Thanks to these advances in computer processing power and storage capacity, 90% of the data available to humankind were nonexistent 2 years ago. Think about that for a minute. In other words, data are this age’s most abundant raw material.
Like petroleum and iron ore, data is only useful if refined beyond its original state.

The data hierarchy
1. data (raw material) > 2. information (refined data) > 3. knowledge (actionable data)

Here’s an example of these layers of data. Consider data on a customer, such as what, where, when and how much they buy of something. This can be converted further into information, clean it up, and present it in a fashion that allows us to ask more questions of it.
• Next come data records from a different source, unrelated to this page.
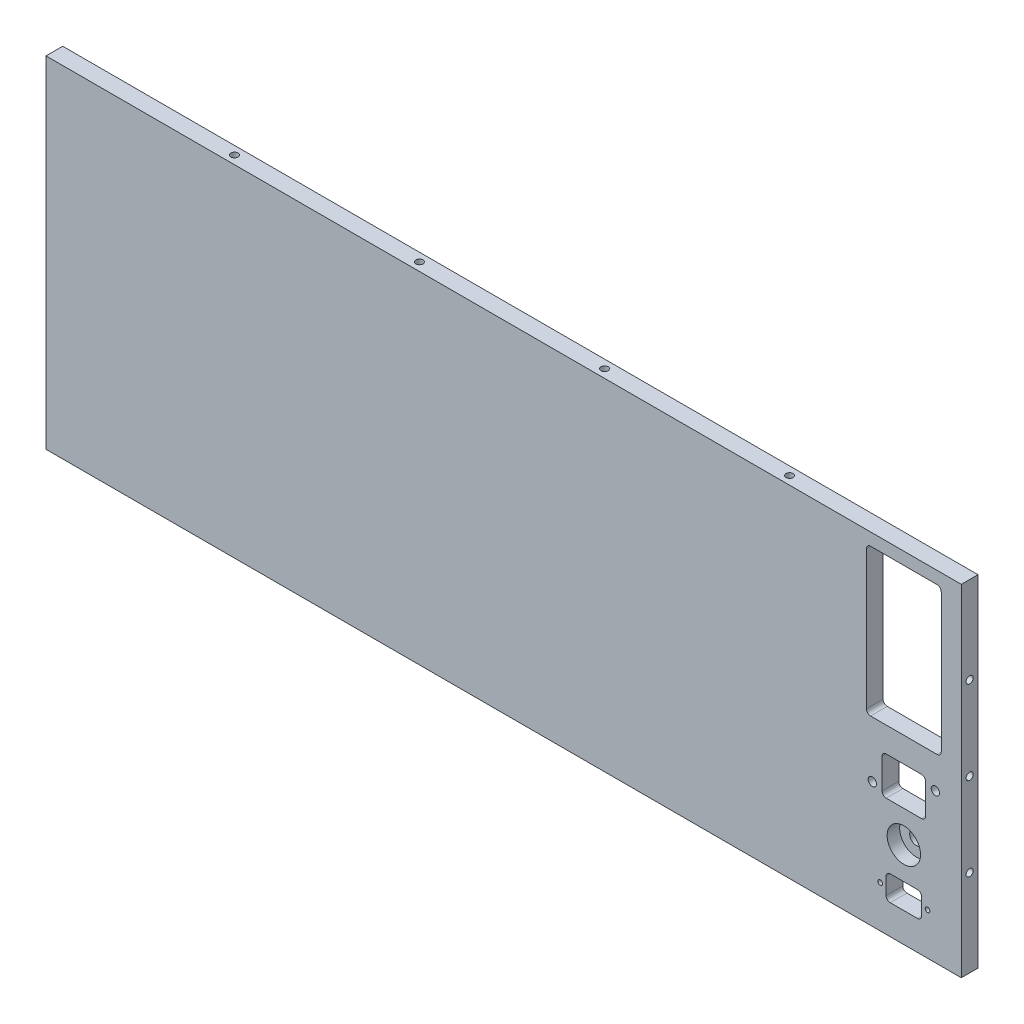
from build123d import *

# Parameters (mm, degrees)
SKETCH1_W                     = 347.98
SKETCH1_H                     = 129.54
BOSS_EXTRUDE1_DEPTH           = 6.35
TAP_DRILL_FOR_6_32_TAP4_D     = 2.7051
TAP_DRILL_FOR_6_32_TAP4_DEPTH = 17.78
TAP_DRILL_FOR_6_32_TAP4_TIP   = 0.81269403
TAP_DRILL_FOR_6_32_TAP1_D     = 2.7051
TAP_DRILL_FOR_6_32_TAP1_DEPTH = 17.78
TAP_DRILL_FOR_6_32_TAP1_TIP   = 0.81269403
TAP_DRILL_FOR_6_32_TAP2_D     = 2.7051
TAP_DRILL_FOR_6_32_TAP2_DEPTH = 17.78
TAP_DRILL_FOR_6_32_TAP2_TIP   = 0.81269403
SKETCH10_R                    = 0.889
SKETCH10_R_2                  = 1.5875
SKETCH10_R_3                  = 2.55
CUT_EXTRUDE1_DEPTH            = 7.35
SKETCH15_R                    = 6.35
CUT_EXTRUDE2_DEPTH            = 4.7625
TAP_DRILL_FOR_6_32_TAP5_D     = 2.7051
TAP_DRILL_FOR_6_32_TAP5_DEPTH = 17.78
TAP_DRILL_FOR_6_32_TAP5_TIP   = 0.81269403


with BuildPart() as part:
    # Sketch1 → Boss-Extrude1 (new body)
    with BuildSketch(Plane.XY):
        with Locations((173.99, 64.77)):
            Rectangle(SKETCH1_W, SKETCH1_H)
    extrude(amount=BOSS_EXTRUDE1_DEPTH)

    # Tap Drill for #6-32 Tap4
    with Locations(Plane(origin=(0, 13.303154199, -243.112488364), x_dir=(0, 0, 1), z_dir=(-1, 0, 0))):
        with Locations((-105.502511636, 81.946845801), (-105.502511636, 56.546845801), (-105.502511636, 31.146845801), (246.287488364, 83.216845801), (246.287488364, 51.466845801), (246.287488364, 19.716845801)):
            Hole(TAP_DRILL_FOR_6_32_TAP4_D / 2, depth=TAP_DRILL_FOR_6_32_TAP4_DEPTH)
            with Locations((0, 0, -(TAP_DRILL_FOR_6_32_TAP4_DEPTH + TAP_DRILL_FOR_6_32_TAP4_TIP / 2))):  # 118° drill point
                Cone(0, TAP_DRILL_FOR_6_32_TAP4_D / 2, TAP_DRILL_FOR_6_32_TAP4_TIP, mode=Mode.SUBTRACT)

    # Tap Drill for #6-32 Tap1
    with Locations(Plane(origin=(-62.924888364, 129.54, 269.187551164), x_dir=(0, 0, -1), z_dir=(0, 1, 0))):
        with Locations((266.012551164, -131.377888364), (266.012551164, -201.735888364), (266.012551164, -272.093888364), (266.012551164, -342.451888364)):
            Hole(TAP_DRILL_FOR_6_32_TAP1_D / 2, depth=TAP_DRILL_FOR_6_32_TAP1_DEPTH)
            with Locations((0, 0, -(TAP_DRILL_FOR_6_32_TAP1_DEPTH + TAP_DRILL_FOR_6_32_TAP1_TIP / 2))):  # 118° drill point
                Cone(0, TAP_DRILL_FOR_6_32_TAP1_D / 2, TAP_DRILL_FOR_6_32_TAP1_TIP, mode=Mode.SUBTRACT)

    # Tap Drill for #6-32 Tap2
    with Locations(Plane(origin=(-62.924888364, 0, 269.187551164), x_dir=(0, 0, 1), z_dir=(0, -1, 0))):
        with Locations((-266.012551164, -342.451888364), (-266.012551164, -272.093888364), (-266.012551164, -201.735888364), (-266.012551164, -131.377888364)):
            Hole(TAP_DRILL_FOR_6_32_TAP2_D / 2, depth=TAP_DRILL_FOR_6_32_TAP2_DEPTH)
            with Locations((0, 0, -(TAP_DRILL_FOR_6_32_TAP2_DEPTH + TAP_DRILL_FOR_6_32_TAP2_TIP / 2))):  # 118° drill point
                Cone(0, TAP_DRILL_FOR_6_32_TAP2_D / 2, TAP_DRILL_FOR_6_32_TAP2_TIP, mode=Mode.SUBTRACT)

    # Sketch10 → Cut-Extrude1 (cut, through all)
    with BuildSketch(Plane.XY.offset(6.35)):
        with Locations((335.136, 15.9564)):
            Circle(SKETCH10_R)
        with Locations((317.136, 15.9564)):
            Circle(SKETCH10_R)
        with Locations((338.1248, 56.6293)):
            Circle(SKETCH10_R_2)
        with Locations((314.1472, 47.6377)):
            Circle(SKETCH10_R_2)
        with Locations((326.136, 32.7814)):
            Circle(SKETCH10_R_3)
        with BuildLine():
            Line((313.4995, 124.841), (338.7725, 124.841))
            ThreePointArc((338.7725, 124.841), (339.895032015, 124.376032015), (340.36, 123.2535))
            Line((340.36, 123.2535), (340.36, 70.5231))
            ThreePointArc((340.36, 70.5231), (339.895032015, 69.400567985), (338.7725, 68.9356))
            Line((338.7725, 68.9356), (313.4995, 68.9356))
            ThreePointArc((313.4995, 68.9356), (312.376967985, 69.400567985), (311.912, 70.5231))
            Line((311.912, 70.5231), (311.912, 123.2535))
            ThreePointArc((311.912, 123.2535), (312.376967985, 124.376032015), (313.4995, 124.841))
        make_face()
        with BuildLine():
            Line((331.2985, 20.7064), (320.9735, 20.7064))
            ThreePointArc((320.9735, 20.7064), (319.850967985, 20.241432015), (319.386, 19.1189))
            Line((319.386, 19.1189), (319.386, 12.7939))
            ThreePointArc((319.386, 12.7939), (319.850967985, 11.671367985), (320.9735, 11.2064))
            Line((320.9735, 11.2064), (331.2985, 11.2064))
            ThreePointArc((331.2985, 11.2064), (332.421032015, 11.671367985), (332.886, 12.7939))
            Line((332.886, 12.7939), (332.886, 19.1189))
            ThreePointArc((332.886, 19.1189), (332.421032015, 20.241432015), (331.2985, 20.7064))
        make_face()
        with BuildLine():
            Line((332.8289, 59.4106), (319.4431, 59.4106))
            ThreePointArc((319.4431, 59.4106), (318.320567985, 58.945632015), (317.8556, 57.8231))
            Line((317.8556, 57.8231), (317.8556, 46.4439))
            ThreePointArc((317.8556, 46.4439), (318.320567985, 45.321367985), (319.4431, 44.8564))
            Line((319.4431, 44.8564), (332.8289, 44.8564))
            ThreePointArc((332.8289, 44.8564), (333.951432015, 45.321367985), (334.4164, 46.4439))
            Line((334.4164, 46.4439), (334.4164, 57.8231))
            ThreePointArc((334.4164, 57.8231), (333.951432015, 58.945632015), (332.8289, 59.4106))
        make_face()
    extrude(amount=-CUT_EXTRUDE1_DEPTH, mode=Mode.SUBTRACT)

    # Sketch15 → Cut-Extrude2 (cut)
    with BuildSketch(Plane.XY.offset(6.35)):
        with Locations((326.136, 32.7814)):
            Circle(SKETCH15_R)
    extrude(amount=-CUT_EXTRUDE2_DEPTH, mode=Mode.SUBTRACT)

    # Tap Drill for #6-32 Tap5
    with Locations(Plane(origin=(347.98, 0, 0), x_dir=(0, 0, -1), z_dir=(1, 0, 0))):
        with Locations((-3.175, 64.77), (-3.175, 96.52), (-3.175, 33.02)):
            Hole(TAP_DRILL_FOR_6_32_TAP5_D / 2, depth=TAP_DRILL_FOR_6_32_TAP5_DEPTH)
            with Locations((0, 0, -(TAP_DRILL_FOR_6_32_TAP5_DEPTH + TAP_DRILL_FOR_6_32_TAP5_TIP / 2))):  # 118° drill point
                Cone(0, TAP_DRILL_FOR_6_32_TAP5_D / 2, TAP_DRILL_FOR_6_32_TAP5_TIP, mode=Mode.SUBTRACT)


solid = part.part
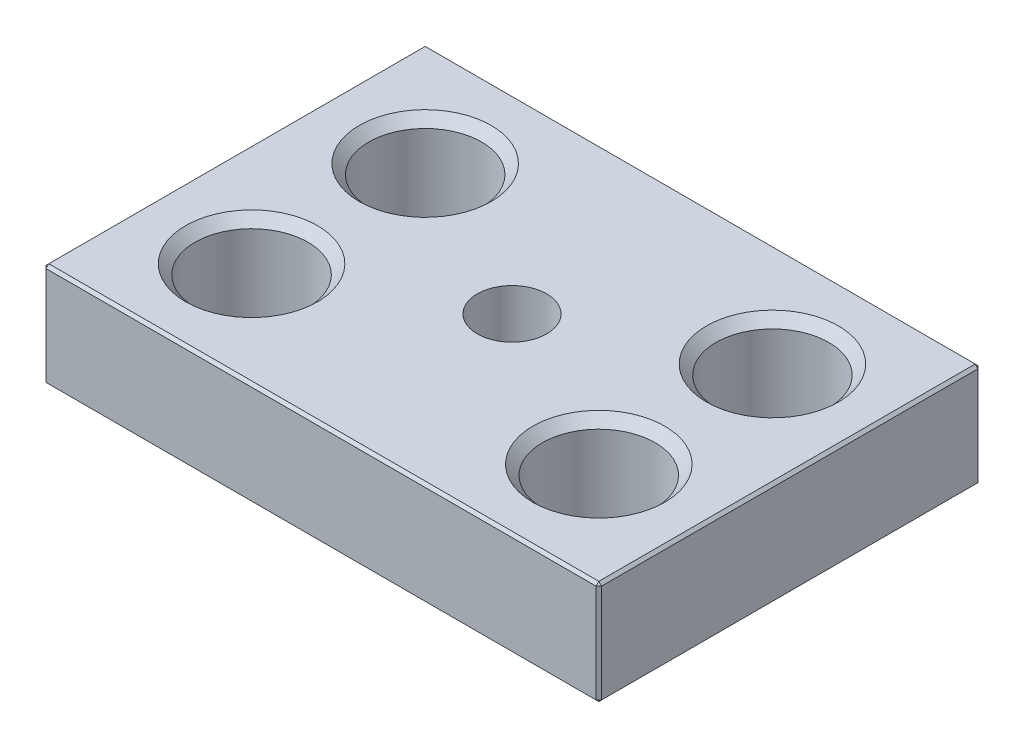
from build123d import *

# Parameters (mm, degrees)
SKETCH1_W                                       = 101.6
SKETCH1_H                                       = 69.85
EXTRUDE1_DEPTH                                  = 19.05
F_13_16_0_8125_DIAMETER_HOLE1_AT_2_COUNT        = 2
F_13_16_0_8125_DIAMETER_HOLE1_AT_2_PITCH        = 31.75
F_13_16_0_8125_DIAMETER_HOLE1_AT_3_COUNT        = 2
F_13_16_0_8125_DIAMETER_HOLE1_AT_3_PITCH        = 70.995158286
F_13_16_0_8125_DIAMETER_HOLE1_AT_4_COUNT        = 2
F_13_16_0_8125_DIAMETER_HOLE1_AT_4_PITCH        = 63.5
CBORE_FOR_10_SOCKET_HEAD_CAP_SCREW1_D           = 5.6134
CBORE_FOR_10_SOCKET_HEAD_CAP_SCREW1_CBORE_D     = 12.7
CBORE_FOR_10_SOCKET_HEAD_CAP_SCREW1_CBORE_DEPTH = 15.24
CHAMFER1_SIZE                                   = 0.508


with BuildPart() as part:
    # Sketch1 → Extrude1 (new body)
    with BuildSketch(Plane(origin=(0, 0, 0), x_dir=(1, 0, 0), z_dir=(0, 1, 0))):
        Rectangle(SKETCH1_W, SKETCH1_H)
    extrude(amount=EXTRUDE1_DEPTH)

    # Sketch3 → 13/16 (0.8125) Diameter Hole1 (revolve, cut)
    with BuildSketch(Plane(origin=(31.75, 19.05, 15.875), x_dir=(0, 0, 1), z_dir=(1, 0, 0))):
        Polygon((0, 0), (0, 19.05), (12.065, 19.05), (10.31875, 17.30375), (10.31875, 1.74625), (12.065, 0), align=None)
    f_13_16_0_8125_diameter_hole1 = revolve(axis=Axis((31.75, 25.4, 15.875), (0, -1, 0)), mode=Mode.SUBTRACT)

    # 13/16 (0.8125) Diameter Hole1 at 2: 13/16 (0.8125) Diameter Hole1 ×2
    with Locations(*[(0, 0, -i * F_13_16_0_8125_DIAMETER_HOLE1_AT_2_PITCH) for i in range(1, F_13_16_0_8125_DIAMETER_HOLE1_AT_2_COUNT)]):
        add(f_13_16_0_8125_diameter_hole1, mode=Mode.SUBTRACT)

    # 13/16 (0.8125) Diameter Hole1 at 3: 13/16 (0.8125) Diameter Hole1 ×2
    with Locations(*[Vector(-0.894427191, 0, -0.447213595) * (i * F_13_16_0_8125_DIAMETER_HOLE1_AT_3_PITCH) for i in range(1, F_13_16_0_8125_DIAMETER_HOLE1_AT_3_COUNT)]):
        add(f_13_16_0_8125_diameter_hole1, mode=Mode.SUBTRACT)

    # 13/16 (0.8125) Diameter Hole1 at 4: 13/16 (0.8125) Diameter Hole1 ×2
    with Locations(*[(-i * F_13_16_0_8125_DIAMETER_HOLE1_AT_4_PITCH, 0, 0) for i in range(1, F_13_16_0_8125_DIAMETER_HOLE1_AT_4_COUNT)]):
        add(f_13_16_0_8125_diameter_hole1, mode=Mode.SUBTRACT)

    # CBORE for #10 Socket Head Cap Screw1 (through all)
    with Locations(Plane(origin=(0, 19.05, 0), x_dir=(-1, 0, 0), z_dir=(0, 1, 0))):
        with Locations((0, 0)):
            CounterBoreHole(CBORE_FOR_10_SOCKET_HEAD_CAP_SCREW1_D / 2, CBORE_FOR_10_SOCKET_HEAD_CAP_SCREW1_CBORE_D / 2, CBORE_FOR_10_SOCKET_HEAD_CAP_SCREW1_CBORE_DEPTH)

    # Chamfer1
    chamfer1_edges = [part.edges().sort_by_distance(p)[0] for p in [
        (50.8, 19.05, 0),
        (0, 19.05, -34.925),
        (-50.8, 19.05, 0),
        (0, 0, -34.925),
        (50.8, 0, 0),
        (0, 0, 34.925),
        (-50.8, 0, 0),
        (0, 19.05, 34.925),
        (-50.8, 9.525, -34.925),
        (50.8, 9.525, -34.925),
        (50.8, 9.525, 34.925),
        (-50.8, 9.525, 34.925),
    ]]
    chamfer(chamfer1_edges, length=CHAMFER1_SIZE)


solid = part.part

We obtain knowledge by using the information to figure out answers to different business questions.  Questions like: when are customers most likely to buy at a given time, frequency, or volume, which gives a company actionable information.  Converting to knowledge requires using advanced mathematics and modeling techniques to uncover patterns and connections within the data to make inferences or predictions of future behavior.
An upside to a business having such overwhelming amounts of data is that the larger our sample size gets, the more accurate our predictions become. The more powerful our computers get, the quicker we can extrapolate meaning. We live in exciting times where a company’s ability to metabolize data to strengthen decision making is more possible than it was even 4 years ago both financially, and technologically.